WORK REQUEST >> Considering the entries that follow, report how many lines include the string "CIRCLE", giving the number alone.
[DATA SHOWN — start]
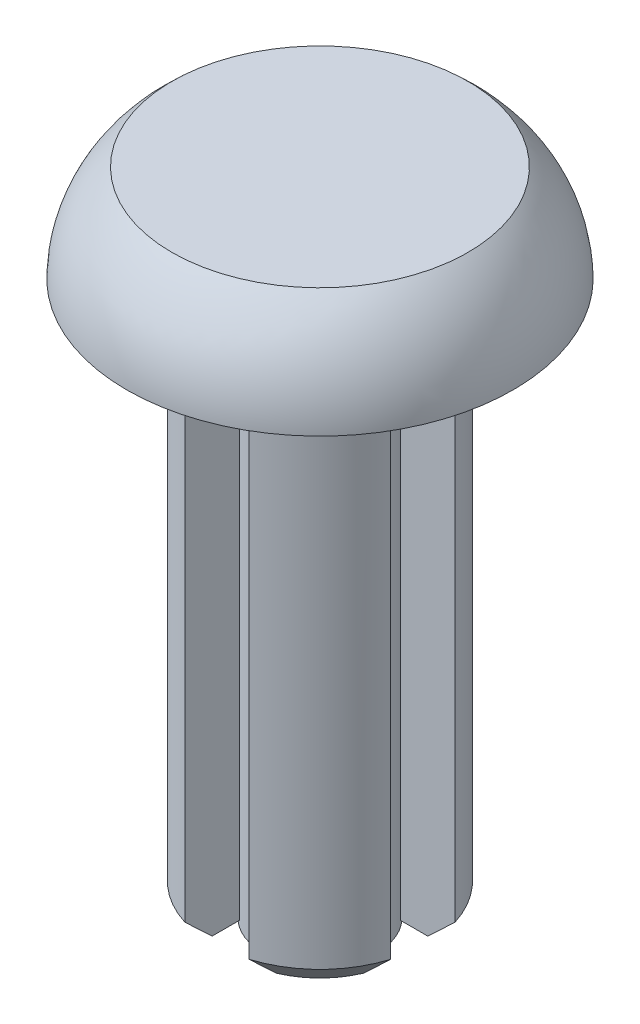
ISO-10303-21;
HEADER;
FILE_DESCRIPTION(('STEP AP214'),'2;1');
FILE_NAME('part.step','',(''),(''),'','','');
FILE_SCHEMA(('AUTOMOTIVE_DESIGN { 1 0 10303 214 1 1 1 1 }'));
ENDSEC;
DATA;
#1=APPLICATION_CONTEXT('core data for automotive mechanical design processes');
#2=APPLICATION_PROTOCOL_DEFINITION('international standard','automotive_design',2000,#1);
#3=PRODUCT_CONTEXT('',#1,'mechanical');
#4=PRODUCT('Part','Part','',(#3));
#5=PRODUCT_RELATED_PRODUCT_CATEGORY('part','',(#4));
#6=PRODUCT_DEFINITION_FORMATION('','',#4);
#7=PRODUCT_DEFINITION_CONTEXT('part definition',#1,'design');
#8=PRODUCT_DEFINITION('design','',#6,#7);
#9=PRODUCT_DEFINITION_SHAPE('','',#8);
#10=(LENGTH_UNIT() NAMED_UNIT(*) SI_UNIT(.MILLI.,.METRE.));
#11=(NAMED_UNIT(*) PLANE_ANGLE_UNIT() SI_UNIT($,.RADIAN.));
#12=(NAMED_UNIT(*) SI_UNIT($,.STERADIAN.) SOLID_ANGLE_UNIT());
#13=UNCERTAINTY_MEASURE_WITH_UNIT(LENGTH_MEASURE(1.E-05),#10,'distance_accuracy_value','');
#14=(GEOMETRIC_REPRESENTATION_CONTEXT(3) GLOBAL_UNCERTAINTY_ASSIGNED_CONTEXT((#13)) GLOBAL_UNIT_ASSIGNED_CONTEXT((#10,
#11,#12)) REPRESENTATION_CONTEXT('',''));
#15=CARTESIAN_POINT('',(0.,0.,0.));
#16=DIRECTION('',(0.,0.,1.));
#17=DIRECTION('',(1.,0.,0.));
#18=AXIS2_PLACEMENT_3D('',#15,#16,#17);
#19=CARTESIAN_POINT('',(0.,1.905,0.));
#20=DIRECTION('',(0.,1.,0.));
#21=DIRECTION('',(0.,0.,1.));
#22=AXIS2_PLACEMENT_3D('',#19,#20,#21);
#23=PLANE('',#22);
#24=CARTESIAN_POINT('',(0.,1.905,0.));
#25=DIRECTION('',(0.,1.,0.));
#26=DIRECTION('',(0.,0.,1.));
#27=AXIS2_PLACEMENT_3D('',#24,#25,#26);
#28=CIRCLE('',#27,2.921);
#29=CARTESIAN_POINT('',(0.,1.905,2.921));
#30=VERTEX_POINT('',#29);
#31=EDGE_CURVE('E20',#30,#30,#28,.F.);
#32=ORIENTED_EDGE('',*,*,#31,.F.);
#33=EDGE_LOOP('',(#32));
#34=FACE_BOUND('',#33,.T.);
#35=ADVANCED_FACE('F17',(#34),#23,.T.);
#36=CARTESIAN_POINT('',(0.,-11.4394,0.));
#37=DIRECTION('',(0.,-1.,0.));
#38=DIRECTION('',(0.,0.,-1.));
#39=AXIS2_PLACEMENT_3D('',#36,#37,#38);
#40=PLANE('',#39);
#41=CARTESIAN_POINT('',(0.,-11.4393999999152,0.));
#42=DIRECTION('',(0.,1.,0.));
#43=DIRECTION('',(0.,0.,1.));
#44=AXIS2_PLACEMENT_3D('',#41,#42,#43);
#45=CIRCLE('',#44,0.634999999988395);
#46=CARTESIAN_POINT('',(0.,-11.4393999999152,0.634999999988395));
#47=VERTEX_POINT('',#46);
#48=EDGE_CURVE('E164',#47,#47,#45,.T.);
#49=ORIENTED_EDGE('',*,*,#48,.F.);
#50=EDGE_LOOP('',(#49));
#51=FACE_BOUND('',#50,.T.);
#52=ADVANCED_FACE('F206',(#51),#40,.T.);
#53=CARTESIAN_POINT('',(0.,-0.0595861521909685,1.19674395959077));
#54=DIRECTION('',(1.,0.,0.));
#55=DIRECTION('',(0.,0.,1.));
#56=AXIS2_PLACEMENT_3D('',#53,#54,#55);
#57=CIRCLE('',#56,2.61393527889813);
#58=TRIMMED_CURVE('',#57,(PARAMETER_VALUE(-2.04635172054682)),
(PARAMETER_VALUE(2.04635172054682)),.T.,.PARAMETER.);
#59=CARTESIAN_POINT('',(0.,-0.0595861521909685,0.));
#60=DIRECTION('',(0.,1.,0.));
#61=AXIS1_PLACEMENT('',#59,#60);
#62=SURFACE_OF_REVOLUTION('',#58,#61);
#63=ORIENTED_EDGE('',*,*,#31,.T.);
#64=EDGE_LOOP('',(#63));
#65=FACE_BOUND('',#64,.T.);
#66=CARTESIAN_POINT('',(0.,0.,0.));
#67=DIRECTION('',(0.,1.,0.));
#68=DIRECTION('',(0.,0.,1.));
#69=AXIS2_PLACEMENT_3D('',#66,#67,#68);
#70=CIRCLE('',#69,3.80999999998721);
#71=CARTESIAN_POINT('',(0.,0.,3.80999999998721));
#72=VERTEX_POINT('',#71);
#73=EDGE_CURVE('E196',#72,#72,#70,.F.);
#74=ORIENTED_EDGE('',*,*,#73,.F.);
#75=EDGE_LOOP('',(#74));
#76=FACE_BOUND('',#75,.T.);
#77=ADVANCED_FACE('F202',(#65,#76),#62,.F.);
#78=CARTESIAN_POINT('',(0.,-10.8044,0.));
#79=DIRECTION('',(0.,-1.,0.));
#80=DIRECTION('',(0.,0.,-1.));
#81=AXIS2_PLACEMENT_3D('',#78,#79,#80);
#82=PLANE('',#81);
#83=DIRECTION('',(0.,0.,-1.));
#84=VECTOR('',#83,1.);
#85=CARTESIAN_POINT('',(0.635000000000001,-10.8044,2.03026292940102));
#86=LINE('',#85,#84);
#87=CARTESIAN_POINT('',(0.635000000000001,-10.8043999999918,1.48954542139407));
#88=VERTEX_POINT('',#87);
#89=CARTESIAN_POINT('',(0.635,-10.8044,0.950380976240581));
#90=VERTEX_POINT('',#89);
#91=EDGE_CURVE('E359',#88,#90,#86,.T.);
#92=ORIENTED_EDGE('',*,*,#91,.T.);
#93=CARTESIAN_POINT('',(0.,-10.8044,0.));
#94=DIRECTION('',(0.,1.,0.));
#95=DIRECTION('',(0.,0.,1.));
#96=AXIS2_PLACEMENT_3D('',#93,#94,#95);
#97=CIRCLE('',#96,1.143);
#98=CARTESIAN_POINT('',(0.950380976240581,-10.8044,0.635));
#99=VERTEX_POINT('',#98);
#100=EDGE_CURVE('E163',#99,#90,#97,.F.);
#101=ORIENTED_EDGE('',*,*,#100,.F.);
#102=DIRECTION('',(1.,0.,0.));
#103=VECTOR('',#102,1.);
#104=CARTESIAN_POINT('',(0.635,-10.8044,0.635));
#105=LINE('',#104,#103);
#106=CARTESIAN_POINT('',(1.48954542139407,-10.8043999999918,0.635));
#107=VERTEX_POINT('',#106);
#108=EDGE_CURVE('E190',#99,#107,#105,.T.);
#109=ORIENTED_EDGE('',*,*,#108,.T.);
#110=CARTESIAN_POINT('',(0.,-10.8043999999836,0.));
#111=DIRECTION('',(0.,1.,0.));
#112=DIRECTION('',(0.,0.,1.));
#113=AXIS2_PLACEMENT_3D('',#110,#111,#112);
[DATA SHOWN — finish]
ANSWER TO THIS TASK >> 5